I was trying to calculate the flux distribution of a CAD geometry. But is shows KeyError. My code is given below:
import openmc
from IPython.display import Image
from matplotlib import pyplot as plt
materials
u235 = openmc.Material(name=“fuel”)
u235.add_nuclide(‘U235’, 1.0, ‘ao’)
u235.set_density(‘g/cc’, 11)
water = openmc.Material(name=“water”)
water.add_nuclide(‘H1’, 2.0, ‘ao’)
water.add_nuclide(‘O16’, 1.0, ‘ao’)
water.set_density(‘g/cc’, 1.0)
water.add_s_alpha_beta(‘c_H_in_H2O’)
materials = openmc.Materials([u235,water])
#Importing_CAD_GEOMETRY
dagmc_univ = openmc.DAGMCUniverse(filename=‘bal4.h5m’, auto_geom_ids=True, auto_mat_ids=True)

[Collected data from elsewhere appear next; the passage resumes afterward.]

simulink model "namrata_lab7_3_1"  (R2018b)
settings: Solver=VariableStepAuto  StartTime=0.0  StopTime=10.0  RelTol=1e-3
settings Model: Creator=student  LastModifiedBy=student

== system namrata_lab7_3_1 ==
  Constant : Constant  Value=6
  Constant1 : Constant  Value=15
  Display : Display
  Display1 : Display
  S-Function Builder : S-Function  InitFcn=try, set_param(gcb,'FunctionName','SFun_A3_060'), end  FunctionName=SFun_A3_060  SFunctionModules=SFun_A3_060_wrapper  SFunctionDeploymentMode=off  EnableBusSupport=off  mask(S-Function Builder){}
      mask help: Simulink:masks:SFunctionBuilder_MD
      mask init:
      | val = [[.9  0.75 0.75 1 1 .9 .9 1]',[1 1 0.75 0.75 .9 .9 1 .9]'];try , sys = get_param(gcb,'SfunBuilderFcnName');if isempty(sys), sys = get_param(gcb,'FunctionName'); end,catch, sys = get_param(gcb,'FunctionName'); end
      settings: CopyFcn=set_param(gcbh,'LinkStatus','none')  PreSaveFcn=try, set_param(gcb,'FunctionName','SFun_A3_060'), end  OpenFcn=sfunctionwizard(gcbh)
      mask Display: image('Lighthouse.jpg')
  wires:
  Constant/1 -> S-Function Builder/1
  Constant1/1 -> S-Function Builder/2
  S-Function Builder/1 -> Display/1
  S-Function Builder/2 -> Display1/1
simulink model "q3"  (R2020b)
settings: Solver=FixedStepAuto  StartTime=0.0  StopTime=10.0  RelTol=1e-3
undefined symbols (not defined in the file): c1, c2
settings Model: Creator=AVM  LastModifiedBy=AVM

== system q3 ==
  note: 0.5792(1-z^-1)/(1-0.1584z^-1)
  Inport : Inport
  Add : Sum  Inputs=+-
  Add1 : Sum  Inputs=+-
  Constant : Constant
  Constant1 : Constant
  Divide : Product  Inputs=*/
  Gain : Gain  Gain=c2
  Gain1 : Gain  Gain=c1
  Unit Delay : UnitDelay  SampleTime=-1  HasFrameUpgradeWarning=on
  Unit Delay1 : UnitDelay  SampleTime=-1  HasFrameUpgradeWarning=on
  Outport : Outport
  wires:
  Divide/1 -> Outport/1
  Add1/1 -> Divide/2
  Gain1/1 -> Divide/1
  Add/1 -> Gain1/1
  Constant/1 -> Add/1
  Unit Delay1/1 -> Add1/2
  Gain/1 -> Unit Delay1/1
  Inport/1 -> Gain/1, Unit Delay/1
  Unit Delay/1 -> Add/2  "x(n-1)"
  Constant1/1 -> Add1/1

bounding_box = openmc.model.RectangularParallelepiped(-20,20,-20,20,-20,20,boundary_type=‘vacuum’)
#Geometry
cell = openmc.Cell(region=-bounding_box, fill=dagmc_univ)
geometry = openmc.Geometry([cell])
#Settings
settings = openmc.Settings()
settings.batches = 120
settings.inactive = 2
settings.particles = 1000
model = openmc.Model(geometry=geometry, materials=materials, settings=settings)
model.export_to_model_xml()
#ploting
p = openmc.Plot()
p.width = (25.0, 25.0)
p.pixels = (400, 400)
p.color_by = ‘material’
p.colors = {u235: ‘yellow’, water:‘red’}
openmc.plot_inline(p)
#Tally
itally = openmc.Tally()
tally.filters = [openmc.DistribcellFilter(cell)]
tally.scores = [‘flux’]
tallies = openmc.Tallies([tally])
tallies.export_to_xml()
openmc.run()
with openmc.StatePoint(‘statepoint.120.h5’) as sp:
t = sp.tallies[1]
flux = t.mean.ravel()
df = t.get_pandas_dataframe()
print(df)
If someone can correct my code that how can I calculate the flux distribution or power distribution for a CAD geometry than, it would be great for me.